= ASSIGNED TASK =
Write out exactly the lines below that run from the one containing "arc A10 (43.9167, -34.0072)" through the one containing "arc A15 (47.3375, -22.0322)", both included, with no other lines.

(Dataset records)

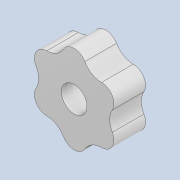
# Autodesk Inventor part: 1ギア接続部
Saved by Autodesk Inventor 2020.4 (Build 244396000, 396)
## iProperties
Created: 2021-04-23
Part Number: 1ギア接続部
Material: アルミニウム 2014-T4
Document SubType Name: Modeling
Designer: happy
Density: 2.8 g/cm^3
Appearance: サテン
Author: happy
Autodesk Inventor part; units mm, degrees
ref_plane "YZ Plane" through (0, 0, 0) normal (1, 0, 0) x (0, 1, 0)
ref_plane "XZ Plane" through (0, 0, 0) normal (0, 1, 0) x (-1, 0, 0)
ref_plane "XY Plane" through (0, 0, 0) normal (0, 0, 1) x (1, 0, 0)
sketch "スケッチ1" plane through (0, 0, 0) normal (0, 0, 1) x (1, 0, 0)
  circle A0 centre (45.6488, -28.0072) radius 8
  circle A1 centre (45.6488, -28.0072) radius 7 construction
  line L0 (45.6488, -21.0072) -> (51.7109, -24.5072) construction
  line L1 (51.7109, -24.5072) -> (51.7109, -31.5072) construction
  line L2 (51.7109, -31.5072) -> (45.6488, -35.0072) construction
  line L3 (45.6488, -35.0072) -> (39.5866, -31.5072) construction
  line L4 (39.5866, -31.5072) -> (39.5866, -24.5072) construction
  line L5 (39.5866, -24.5072) -> (45.6488, -21.0072) construction
  arc A2 (47.3808, -22.0072) -> (43.9167, -22.0072) centre (45.6488, -23.0072) ccw
  arc A3 (41.3186, -23.5072) -> (39.5866, -26.5072) centre (41.3186, -25.5072) ccw
  arc A4 (39.5866, -29.5072) -> (41.3186, -32.5072) centre (41.3186, -30.5072) ccw
  arc A5 (43.9167, -34.0072) -> (47.3808, -34.0072) centre (45.6488, -33.0072) ccw
  arc A6 (49.9789, -32.5072) -> (51.7109, -29.5072) centre (49.9789, -30.5072) ccw
  arc A7 (51.7109, -26.5072) -> (49.9789, -23.5072) centre (49.9789, -25.5072) ccw
  arc A8 (47.3808, -22.0072) -> (49.9789, -23.5072) centre (49.9789, -20.5072) ccw
  arc A9 (41.3186, -23.5072) -> (43.9167, -22.0072) centre (41.3186, -20.5072) ccw
  arc A10 (39.5866, -29.5072) -> (39.5866, -26.5072) centre (36.9885, -28.0072) ccw
  arc A11 (43.9167, -34.0072) -> (41.3186, -32.5072) centre (41.3186, -35.5072) ccw
  arc A12 (49.9789, -32.5072) -> (47.3808, -34.0072) centre (49.9789, -35.5072) ccw
  arc A13 (51.7109, -26.5072) -> (51.7109, -29.5072) centre (54.309, -28.0072) ccw
  circle A14 centre (45.6488, -28.0072) radius 5.6603 construction
  circle A15 centre (45.6488, -28.0072) radius 2.025
  point P0 (0, 0)
  point P1 (51.7109, -31.5072)
  point P2 (51.7109, -24.5072)
  point P3 (51.7109, -26.5072)
  point P4 (43.9167, -22.0072)
  point P5 (41.3186, -23.5072)
  point P6 (39.5866, -26.5072)
  dimension "d5" = 14
  dimension "d4" = 16
  dimension "d6" = 360
  dimension "d7" = 360
  dimension "d8" = 11.3205
  dimension "d9" = 3
  dimension "d10" = 2
  dimension "d13" = 4.05
  constraints: 30 point on circle, 15 centre point, 12 end point, 4 coincident, 2 point on line, 2 tangent, 1 vertical, 1 vertical alignment, 73 other
  measures "d4" diameter of A0
  measures "d8" diameter of A14
  measures "d9" radius of A8
  measures "d10" radius of A2
  measures "d13" diameter of A15
extrude "押し出し1" add sketch "スケッチ1" along normal blind 5 contours A8 A7 A13 A6 A12 A5 A11 A4 A10 A3 A9 A2
sketch "スケッチ2" plane through (0, 0, 5) normal (0, 0, 1) x (1, 0, 0)
  arc A0 (49.9789, -32.5072) -> (47.3808, -34.0072) centre (49.9789, -35.5072) ccw projected
  arc A1 (49.9789, -32.5072) -> (51.7109, -29.5072) centre (49.9789, -30.5072) ccw projected
  arc A2 (51.7109, -26.5072) -> (51.7109, -29.5072) centre (54.309, -28.0072) ccw projected
  arc A3 (51.7109, -26.5072) -> (49.9789, -23.5072) centre (49.9789, -25.5072) ccw projected
  arc A4 (47.3808, -22.0072) -> (49.9789, -23.5072) centre (49.9789, -20.5072) ccw projected
  arc A5 (47.3808, -22.0072) -> (43.9167, -22.0072) centre (45.6488, -23.0072) ccw projected
  arc A6 (41.3186, -23.5072) -> (43.9167, -22.0072) centre (41.3186, -20.5072) ccw projected
  arc A7 (41.3186, -23.5072) -> (39.5866, -26.5072) centre (41.3186, -25.5072) ccw projected
  arc A8 (39.5866, -29.5072) -> (39.5866, -26.5072) centre (36.9885, -28.0072) ccw projected
  arc A9 (39.5866, -29.5072) -> (41.3186, -32.5072) centre (41.3186, -30.5072) ccw projected
  arc A10 (43.9167, -34.0072) -> (41.3186, -32.5072) centre (41.3186, -35.5072) ccw projected
  arc A11 (43.9167, -34.0072) -> (47.3808, -34.0072) centre (45.6488, -33.0072) ccw projected
  circle A12 centre (45.6488, -28.0072) radius 2.025 projected
  arc A13 (41.3186, -23.5572) -> (39.6299, -26.4822) centre (41.3186, -25.5072) ccw
  arc A14 (41.3186, -23.5572) -> (43.96, -22.0322) centre (41.3186, -20.5072) ccw
  arc A15 (47.3375, -22.0322) -> (43.96, -22.0322) centre (45.6488, -23.0072) ccw
  arc A16 (47.3375, -22.0322) -> (49.9789, -23.5572) centre (49.9789, -20.5072) ccw
  arc A17 (51.6676, -26.4822) -> (49.9789, -23.5572) centre (49.9789, -25.5072) ccw
  arc A18 (51.6676, -26.4822) -> (51.6676, -29.5322) centre (54.309, -28.0072) ccw
  arc A19 (49.9789, -32.4572) -> (51.6676, -29.5322) centre (49.9789, -30.5072) ccw
  arc A20 (49.9789, -32.4572) -> (47.3375, -33.9822) centre (49.9789, -35.5072) ccw
  arc A21 (43.96, -33.9822) -> (47.3375, -33.9822) centre (45.6488, -33.0072) ccw
  arc A22 (43.96, -33.9822) -> (41.3186, -32.4572) centre (41.3186, -35.5072) ccw
  arc A23 (39.6299, -29.5322) -> (41.3186, -32.4572) centre (41.3186, -30.5072) ccw
  arc A24 (39.6299, -29.5322) -> (39.6299, -26.4822) centre (36.9885, -28.0072) ccw
  point P0 (0, 0)
  dimension "d14" = 0.05
  constraints: 24 point on circle, 12 centre point, 11 other
  measures "d14" radial gap between concentric circles of A8 A24
extrude "押し出し2" cut sketch "スケッチ2" against normal blind 10 contours A0 A11 A10 A9 A8 A7 A6 A5 A4 A3 A2 A1

= RESPONSE BOX =
  arc A10 (43.9167, -34.0072) -> (41.3186, -32.5072) centre (41.3186, -35.5072) ccw projected
  arc A11 (43.9167, -34.0072) -> (47.3808, -34.0072) centre (45.6488, -33.0072) ccw projected
  circle A12 centre (45.6488, -28.0072) radius 2.025 projected
  arc A13 (41.3186, -23.5572) -> (39.6299, -26.4822) centre (41.3186, -25.5072) ccw
  arc A14 (41.3186, -23.5572) -> (43.96, -22.0322) centre (41.3186, -20.5072) ccw
  arc A15 (47.3375, -22.0322) -> (43.96, -22.0322) centre (45.6488, -23.0072) ccw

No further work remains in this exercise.